TASK OBJECTIVE: Every line in the data below from the one containing "each defined once" down to the one containing "75), (1000, 125)])", both included, must be retyped exactly; no other line is to appear.

WORKING DATA:
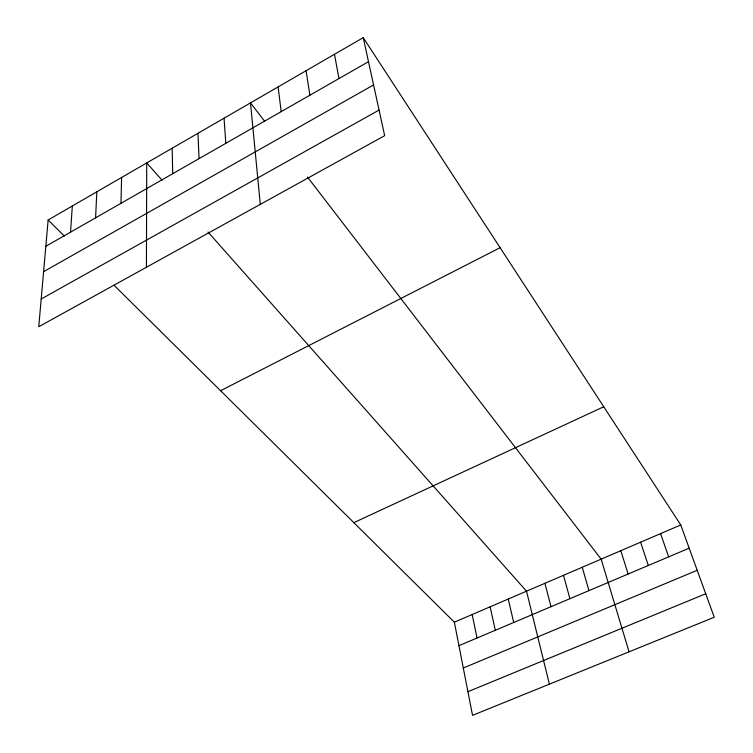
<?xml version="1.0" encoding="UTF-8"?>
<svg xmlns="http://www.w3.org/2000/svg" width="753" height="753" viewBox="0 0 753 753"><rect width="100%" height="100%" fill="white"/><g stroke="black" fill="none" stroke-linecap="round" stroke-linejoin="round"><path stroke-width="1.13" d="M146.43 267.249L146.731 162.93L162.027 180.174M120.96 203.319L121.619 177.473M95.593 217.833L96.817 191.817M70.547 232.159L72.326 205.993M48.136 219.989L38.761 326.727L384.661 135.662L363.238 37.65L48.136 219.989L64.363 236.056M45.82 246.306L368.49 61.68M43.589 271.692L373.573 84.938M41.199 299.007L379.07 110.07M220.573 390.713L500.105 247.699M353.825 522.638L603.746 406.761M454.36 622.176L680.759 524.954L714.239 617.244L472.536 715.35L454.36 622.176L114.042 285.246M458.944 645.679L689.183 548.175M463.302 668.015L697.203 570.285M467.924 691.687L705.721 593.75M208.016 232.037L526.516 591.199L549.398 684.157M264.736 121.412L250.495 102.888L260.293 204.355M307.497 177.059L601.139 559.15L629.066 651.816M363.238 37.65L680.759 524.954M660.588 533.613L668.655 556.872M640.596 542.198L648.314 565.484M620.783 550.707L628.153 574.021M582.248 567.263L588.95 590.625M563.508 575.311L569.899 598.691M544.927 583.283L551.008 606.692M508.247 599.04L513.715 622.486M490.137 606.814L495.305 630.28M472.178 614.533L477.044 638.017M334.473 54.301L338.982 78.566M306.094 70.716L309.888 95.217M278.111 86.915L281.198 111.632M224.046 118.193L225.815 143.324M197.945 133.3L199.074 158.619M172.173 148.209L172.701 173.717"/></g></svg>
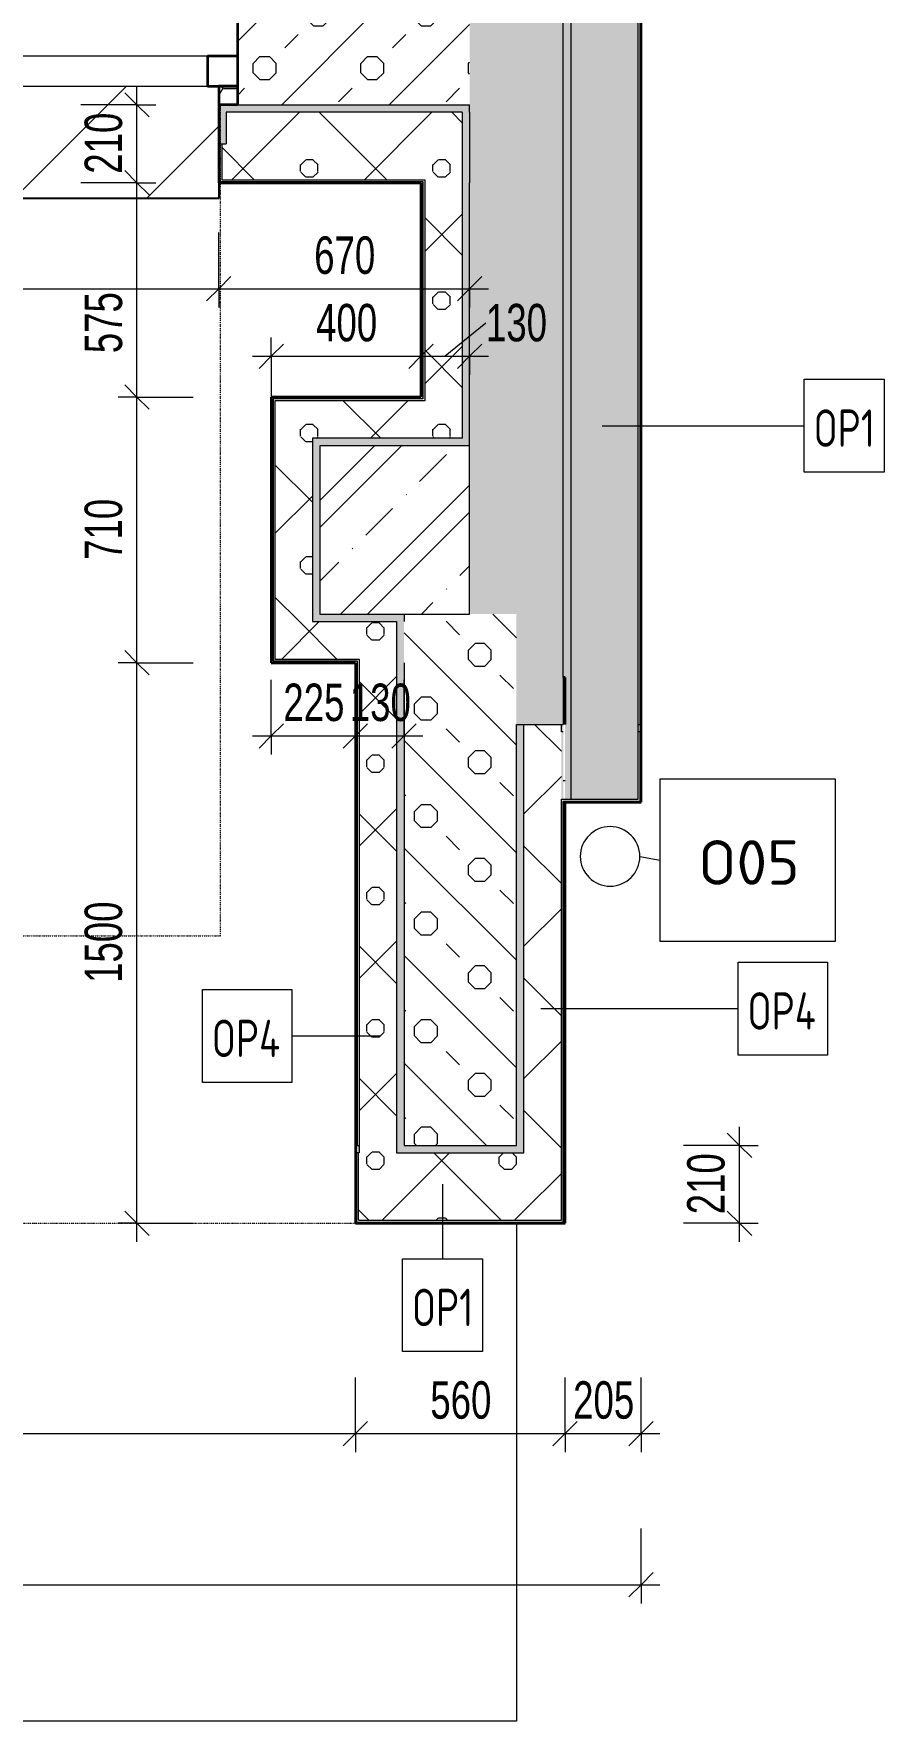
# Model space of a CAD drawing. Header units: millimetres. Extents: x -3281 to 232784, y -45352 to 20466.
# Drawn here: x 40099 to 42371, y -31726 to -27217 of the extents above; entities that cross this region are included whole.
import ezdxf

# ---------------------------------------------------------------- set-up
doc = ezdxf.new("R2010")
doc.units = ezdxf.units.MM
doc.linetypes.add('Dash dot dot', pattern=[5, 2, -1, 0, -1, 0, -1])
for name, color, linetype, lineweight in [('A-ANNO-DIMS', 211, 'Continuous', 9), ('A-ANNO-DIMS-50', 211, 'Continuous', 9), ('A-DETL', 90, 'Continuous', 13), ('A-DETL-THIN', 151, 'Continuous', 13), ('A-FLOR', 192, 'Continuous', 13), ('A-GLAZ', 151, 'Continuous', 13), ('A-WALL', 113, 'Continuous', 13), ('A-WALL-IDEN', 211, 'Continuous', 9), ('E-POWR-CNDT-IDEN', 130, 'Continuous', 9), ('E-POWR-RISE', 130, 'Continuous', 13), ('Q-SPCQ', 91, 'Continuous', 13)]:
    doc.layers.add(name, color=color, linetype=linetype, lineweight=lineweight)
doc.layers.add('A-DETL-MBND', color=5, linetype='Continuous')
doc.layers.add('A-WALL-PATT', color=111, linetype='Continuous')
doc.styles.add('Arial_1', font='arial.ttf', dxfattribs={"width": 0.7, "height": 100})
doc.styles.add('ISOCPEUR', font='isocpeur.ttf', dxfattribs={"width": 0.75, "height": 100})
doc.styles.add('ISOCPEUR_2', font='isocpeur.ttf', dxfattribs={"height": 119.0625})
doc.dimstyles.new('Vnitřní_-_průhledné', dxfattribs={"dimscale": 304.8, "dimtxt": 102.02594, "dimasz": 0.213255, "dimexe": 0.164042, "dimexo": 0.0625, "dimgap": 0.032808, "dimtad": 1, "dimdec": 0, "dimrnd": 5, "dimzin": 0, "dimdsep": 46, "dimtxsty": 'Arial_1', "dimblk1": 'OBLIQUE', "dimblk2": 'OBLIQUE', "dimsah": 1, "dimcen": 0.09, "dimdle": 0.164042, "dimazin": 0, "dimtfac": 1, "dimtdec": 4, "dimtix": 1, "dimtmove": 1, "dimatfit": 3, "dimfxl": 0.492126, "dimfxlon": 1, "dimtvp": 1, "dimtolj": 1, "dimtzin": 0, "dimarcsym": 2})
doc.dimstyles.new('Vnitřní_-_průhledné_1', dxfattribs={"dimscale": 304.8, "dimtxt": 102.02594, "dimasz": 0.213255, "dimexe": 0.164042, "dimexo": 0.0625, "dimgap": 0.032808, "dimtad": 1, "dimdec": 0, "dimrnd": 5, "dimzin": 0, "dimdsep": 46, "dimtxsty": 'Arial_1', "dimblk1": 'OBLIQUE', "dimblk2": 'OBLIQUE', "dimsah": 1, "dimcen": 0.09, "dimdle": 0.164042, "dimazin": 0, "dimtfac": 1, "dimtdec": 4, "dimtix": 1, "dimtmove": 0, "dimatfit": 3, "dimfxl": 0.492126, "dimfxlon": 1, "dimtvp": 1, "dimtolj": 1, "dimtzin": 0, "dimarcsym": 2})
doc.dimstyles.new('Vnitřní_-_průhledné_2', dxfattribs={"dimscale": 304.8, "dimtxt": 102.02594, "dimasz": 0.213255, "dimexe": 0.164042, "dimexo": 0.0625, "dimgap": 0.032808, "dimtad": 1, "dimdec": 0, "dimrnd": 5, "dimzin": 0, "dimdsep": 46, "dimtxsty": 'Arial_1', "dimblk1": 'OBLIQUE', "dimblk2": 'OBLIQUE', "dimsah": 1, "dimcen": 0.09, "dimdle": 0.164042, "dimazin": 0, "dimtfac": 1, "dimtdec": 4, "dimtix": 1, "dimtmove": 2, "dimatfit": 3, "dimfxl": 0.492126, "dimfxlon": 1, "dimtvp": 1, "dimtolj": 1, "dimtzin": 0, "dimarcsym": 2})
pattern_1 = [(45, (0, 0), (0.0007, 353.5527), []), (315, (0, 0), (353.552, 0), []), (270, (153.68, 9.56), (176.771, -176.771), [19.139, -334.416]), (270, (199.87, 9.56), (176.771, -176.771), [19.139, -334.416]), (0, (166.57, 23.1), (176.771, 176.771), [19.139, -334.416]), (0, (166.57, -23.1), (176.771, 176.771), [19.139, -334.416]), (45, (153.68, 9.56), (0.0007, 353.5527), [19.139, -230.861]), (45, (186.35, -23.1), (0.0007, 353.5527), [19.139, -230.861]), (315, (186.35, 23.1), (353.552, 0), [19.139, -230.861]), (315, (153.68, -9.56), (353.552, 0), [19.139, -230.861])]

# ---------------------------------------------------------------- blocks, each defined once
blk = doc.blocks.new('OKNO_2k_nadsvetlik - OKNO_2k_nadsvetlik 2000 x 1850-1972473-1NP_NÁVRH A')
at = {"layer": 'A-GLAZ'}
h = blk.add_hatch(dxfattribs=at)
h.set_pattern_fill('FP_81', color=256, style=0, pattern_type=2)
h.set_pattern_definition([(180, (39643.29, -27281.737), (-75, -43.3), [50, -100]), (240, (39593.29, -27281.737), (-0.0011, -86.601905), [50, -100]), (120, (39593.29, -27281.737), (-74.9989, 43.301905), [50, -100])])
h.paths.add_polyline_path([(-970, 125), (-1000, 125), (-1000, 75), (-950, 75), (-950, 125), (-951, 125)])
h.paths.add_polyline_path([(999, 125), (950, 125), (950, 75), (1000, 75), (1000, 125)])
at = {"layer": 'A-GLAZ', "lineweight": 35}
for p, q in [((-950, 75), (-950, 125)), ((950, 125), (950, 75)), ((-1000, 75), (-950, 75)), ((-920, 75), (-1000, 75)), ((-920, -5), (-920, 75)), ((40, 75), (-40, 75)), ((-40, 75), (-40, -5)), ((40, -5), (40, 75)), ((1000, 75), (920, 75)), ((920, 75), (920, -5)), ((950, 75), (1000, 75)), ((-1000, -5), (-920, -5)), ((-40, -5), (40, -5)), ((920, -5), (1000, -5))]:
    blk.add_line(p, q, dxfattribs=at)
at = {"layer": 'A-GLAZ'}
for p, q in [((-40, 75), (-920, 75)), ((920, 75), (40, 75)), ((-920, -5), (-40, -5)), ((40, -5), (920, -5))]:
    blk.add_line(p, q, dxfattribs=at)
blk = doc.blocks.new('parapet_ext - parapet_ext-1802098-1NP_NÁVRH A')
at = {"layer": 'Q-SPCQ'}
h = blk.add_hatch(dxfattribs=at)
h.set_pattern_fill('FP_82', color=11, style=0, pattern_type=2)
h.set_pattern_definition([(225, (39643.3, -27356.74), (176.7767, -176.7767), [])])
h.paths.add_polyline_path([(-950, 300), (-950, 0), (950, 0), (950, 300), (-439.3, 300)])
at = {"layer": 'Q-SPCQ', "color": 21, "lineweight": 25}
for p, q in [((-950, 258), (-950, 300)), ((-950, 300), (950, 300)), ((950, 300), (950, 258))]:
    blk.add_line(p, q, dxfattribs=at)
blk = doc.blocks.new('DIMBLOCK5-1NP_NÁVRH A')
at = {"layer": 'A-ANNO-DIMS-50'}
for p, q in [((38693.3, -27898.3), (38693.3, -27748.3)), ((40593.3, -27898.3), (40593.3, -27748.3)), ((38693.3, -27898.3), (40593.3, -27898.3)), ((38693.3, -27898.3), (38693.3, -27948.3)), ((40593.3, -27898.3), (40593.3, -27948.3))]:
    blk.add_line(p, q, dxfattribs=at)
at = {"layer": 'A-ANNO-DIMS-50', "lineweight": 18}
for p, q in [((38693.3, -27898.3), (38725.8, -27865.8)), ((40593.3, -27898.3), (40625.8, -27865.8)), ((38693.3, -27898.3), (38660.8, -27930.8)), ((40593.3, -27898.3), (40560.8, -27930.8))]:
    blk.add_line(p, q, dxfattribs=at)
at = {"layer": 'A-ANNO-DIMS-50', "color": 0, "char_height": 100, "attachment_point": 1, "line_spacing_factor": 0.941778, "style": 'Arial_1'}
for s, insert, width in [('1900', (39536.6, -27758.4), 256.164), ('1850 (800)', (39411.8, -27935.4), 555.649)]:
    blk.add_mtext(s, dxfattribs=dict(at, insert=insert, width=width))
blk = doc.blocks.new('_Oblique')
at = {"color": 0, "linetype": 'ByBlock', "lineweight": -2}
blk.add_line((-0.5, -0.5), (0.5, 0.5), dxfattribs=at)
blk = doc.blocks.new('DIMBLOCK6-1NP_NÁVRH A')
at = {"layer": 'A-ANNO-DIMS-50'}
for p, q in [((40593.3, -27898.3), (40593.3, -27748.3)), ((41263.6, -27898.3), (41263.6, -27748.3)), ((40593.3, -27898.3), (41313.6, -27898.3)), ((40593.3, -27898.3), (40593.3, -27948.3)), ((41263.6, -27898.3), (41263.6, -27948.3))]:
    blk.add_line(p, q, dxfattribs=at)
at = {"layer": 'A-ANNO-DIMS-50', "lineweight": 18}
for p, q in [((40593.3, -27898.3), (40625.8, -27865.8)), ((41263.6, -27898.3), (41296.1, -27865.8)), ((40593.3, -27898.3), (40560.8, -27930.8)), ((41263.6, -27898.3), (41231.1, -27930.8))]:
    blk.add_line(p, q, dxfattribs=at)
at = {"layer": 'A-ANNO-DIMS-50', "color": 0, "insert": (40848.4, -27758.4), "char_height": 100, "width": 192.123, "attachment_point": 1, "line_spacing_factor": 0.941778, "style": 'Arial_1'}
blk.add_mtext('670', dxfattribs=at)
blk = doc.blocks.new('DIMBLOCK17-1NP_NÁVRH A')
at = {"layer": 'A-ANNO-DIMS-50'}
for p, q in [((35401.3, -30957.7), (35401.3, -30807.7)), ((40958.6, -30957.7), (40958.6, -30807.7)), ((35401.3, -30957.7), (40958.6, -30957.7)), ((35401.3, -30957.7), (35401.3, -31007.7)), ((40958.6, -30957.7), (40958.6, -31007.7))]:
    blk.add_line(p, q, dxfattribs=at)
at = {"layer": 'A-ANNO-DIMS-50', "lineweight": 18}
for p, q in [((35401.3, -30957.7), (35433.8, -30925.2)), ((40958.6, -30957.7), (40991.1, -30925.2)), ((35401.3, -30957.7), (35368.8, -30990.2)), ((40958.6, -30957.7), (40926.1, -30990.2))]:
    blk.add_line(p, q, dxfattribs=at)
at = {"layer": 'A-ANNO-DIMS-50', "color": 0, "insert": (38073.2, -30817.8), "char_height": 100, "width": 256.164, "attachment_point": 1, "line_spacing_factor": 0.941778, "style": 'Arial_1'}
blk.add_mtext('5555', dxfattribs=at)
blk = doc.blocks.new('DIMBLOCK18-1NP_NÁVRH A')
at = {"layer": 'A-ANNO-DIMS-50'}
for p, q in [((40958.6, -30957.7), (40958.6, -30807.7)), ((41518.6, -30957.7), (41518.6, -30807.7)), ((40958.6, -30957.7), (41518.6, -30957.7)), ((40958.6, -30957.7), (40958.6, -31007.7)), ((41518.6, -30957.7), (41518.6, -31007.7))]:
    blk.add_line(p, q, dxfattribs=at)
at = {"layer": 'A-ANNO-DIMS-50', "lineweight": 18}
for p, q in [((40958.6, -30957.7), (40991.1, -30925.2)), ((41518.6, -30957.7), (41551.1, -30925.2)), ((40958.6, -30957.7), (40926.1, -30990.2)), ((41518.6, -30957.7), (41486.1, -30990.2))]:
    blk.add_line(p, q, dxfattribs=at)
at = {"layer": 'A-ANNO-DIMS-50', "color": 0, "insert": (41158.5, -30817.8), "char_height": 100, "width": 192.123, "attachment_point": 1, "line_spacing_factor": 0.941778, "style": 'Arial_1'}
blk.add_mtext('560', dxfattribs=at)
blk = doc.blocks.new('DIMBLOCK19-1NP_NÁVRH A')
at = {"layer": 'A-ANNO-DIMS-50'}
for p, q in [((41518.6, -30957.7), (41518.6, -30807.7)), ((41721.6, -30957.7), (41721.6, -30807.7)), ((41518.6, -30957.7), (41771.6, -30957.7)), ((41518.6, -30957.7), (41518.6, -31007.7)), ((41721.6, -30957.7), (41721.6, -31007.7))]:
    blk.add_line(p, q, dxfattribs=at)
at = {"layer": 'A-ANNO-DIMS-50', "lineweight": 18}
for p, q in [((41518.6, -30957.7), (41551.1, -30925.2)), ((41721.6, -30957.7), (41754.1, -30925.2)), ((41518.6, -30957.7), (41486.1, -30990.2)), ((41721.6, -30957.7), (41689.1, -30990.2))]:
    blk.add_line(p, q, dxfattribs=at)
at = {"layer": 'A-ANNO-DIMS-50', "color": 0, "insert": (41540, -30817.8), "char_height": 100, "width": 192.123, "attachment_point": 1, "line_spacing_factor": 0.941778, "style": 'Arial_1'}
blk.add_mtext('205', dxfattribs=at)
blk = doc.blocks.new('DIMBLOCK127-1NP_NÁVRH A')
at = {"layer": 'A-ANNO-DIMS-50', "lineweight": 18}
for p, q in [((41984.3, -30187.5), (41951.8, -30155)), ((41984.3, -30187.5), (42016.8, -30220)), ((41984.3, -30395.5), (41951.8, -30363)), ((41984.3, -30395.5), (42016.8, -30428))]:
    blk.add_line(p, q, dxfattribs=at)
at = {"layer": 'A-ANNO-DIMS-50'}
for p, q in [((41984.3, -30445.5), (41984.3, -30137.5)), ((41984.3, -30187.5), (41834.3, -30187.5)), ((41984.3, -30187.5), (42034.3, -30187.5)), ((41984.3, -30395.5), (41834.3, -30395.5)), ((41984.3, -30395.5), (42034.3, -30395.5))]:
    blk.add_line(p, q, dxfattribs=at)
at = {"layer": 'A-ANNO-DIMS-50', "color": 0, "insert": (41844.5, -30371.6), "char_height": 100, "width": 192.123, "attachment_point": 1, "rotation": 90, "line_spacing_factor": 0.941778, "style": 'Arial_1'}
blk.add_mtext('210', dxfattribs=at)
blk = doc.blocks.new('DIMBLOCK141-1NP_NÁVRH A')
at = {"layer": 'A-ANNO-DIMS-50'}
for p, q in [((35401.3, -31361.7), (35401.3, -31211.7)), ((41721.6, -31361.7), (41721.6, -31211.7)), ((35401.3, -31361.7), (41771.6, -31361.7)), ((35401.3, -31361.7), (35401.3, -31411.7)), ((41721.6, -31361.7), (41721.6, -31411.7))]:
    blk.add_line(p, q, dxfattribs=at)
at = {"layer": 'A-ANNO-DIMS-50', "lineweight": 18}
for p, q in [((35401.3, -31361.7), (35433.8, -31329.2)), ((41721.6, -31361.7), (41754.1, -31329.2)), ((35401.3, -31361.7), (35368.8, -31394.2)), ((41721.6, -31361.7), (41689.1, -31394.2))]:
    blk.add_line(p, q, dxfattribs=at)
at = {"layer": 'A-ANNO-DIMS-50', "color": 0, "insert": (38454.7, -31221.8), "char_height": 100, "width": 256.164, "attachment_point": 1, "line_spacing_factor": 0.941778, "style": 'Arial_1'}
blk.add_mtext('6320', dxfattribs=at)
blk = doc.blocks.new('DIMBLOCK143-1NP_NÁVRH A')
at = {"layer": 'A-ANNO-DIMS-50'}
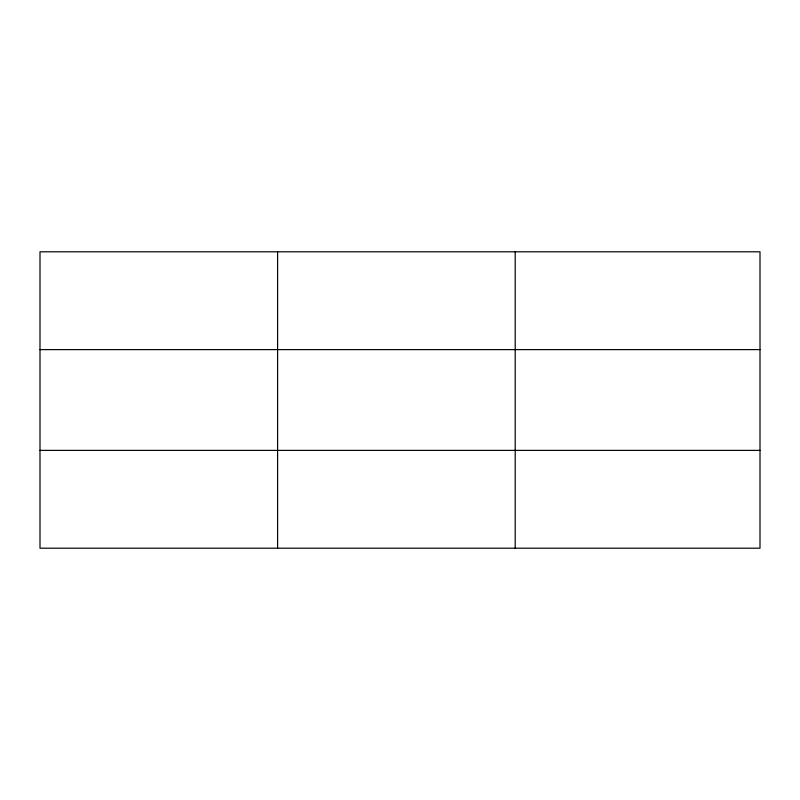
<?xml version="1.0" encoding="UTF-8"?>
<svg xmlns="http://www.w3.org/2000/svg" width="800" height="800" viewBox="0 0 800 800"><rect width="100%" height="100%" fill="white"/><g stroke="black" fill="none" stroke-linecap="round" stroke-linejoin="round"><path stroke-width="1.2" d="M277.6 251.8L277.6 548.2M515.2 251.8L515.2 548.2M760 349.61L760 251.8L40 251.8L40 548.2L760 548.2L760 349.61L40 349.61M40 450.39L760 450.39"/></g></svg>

REPLY TO THE EXERCISE:
# ---------------------------------------------------------------- blocks, each defined once
blk = doc.blocks.new('OKNO_2k_nadsvetlik - OKNO_2k_nadsvetlik 2000 x 1850-1972473-1NP_NÁVRH A')
at = {"layer": 'A-GLAZ'}
h = blk.add_hatch(dxfattribs=at)
h.set_pattern_fill('FP_81', color=256, style=0, pattern_type=2)
h.set_pattern_definition([(180, (39643.29, -27281.737), (-75, -43.3), [50, -100]), (240, (39593.29, -27281.737), (-0.0011, -86.601905), [50, -100]), (120, (39593.29, -27281.737), (-74.9989, 43.301905), [50, -100])])
h.paths.add_polyline_path([(-970, 125), (-1000, 125), (-1000, 75), (-950, 75), (-950, 125), (-951, 125)])
h.paths.add_polyline_path([(999, 125), (950, 125), (950, 75), (1000, 75), (1000, 125)])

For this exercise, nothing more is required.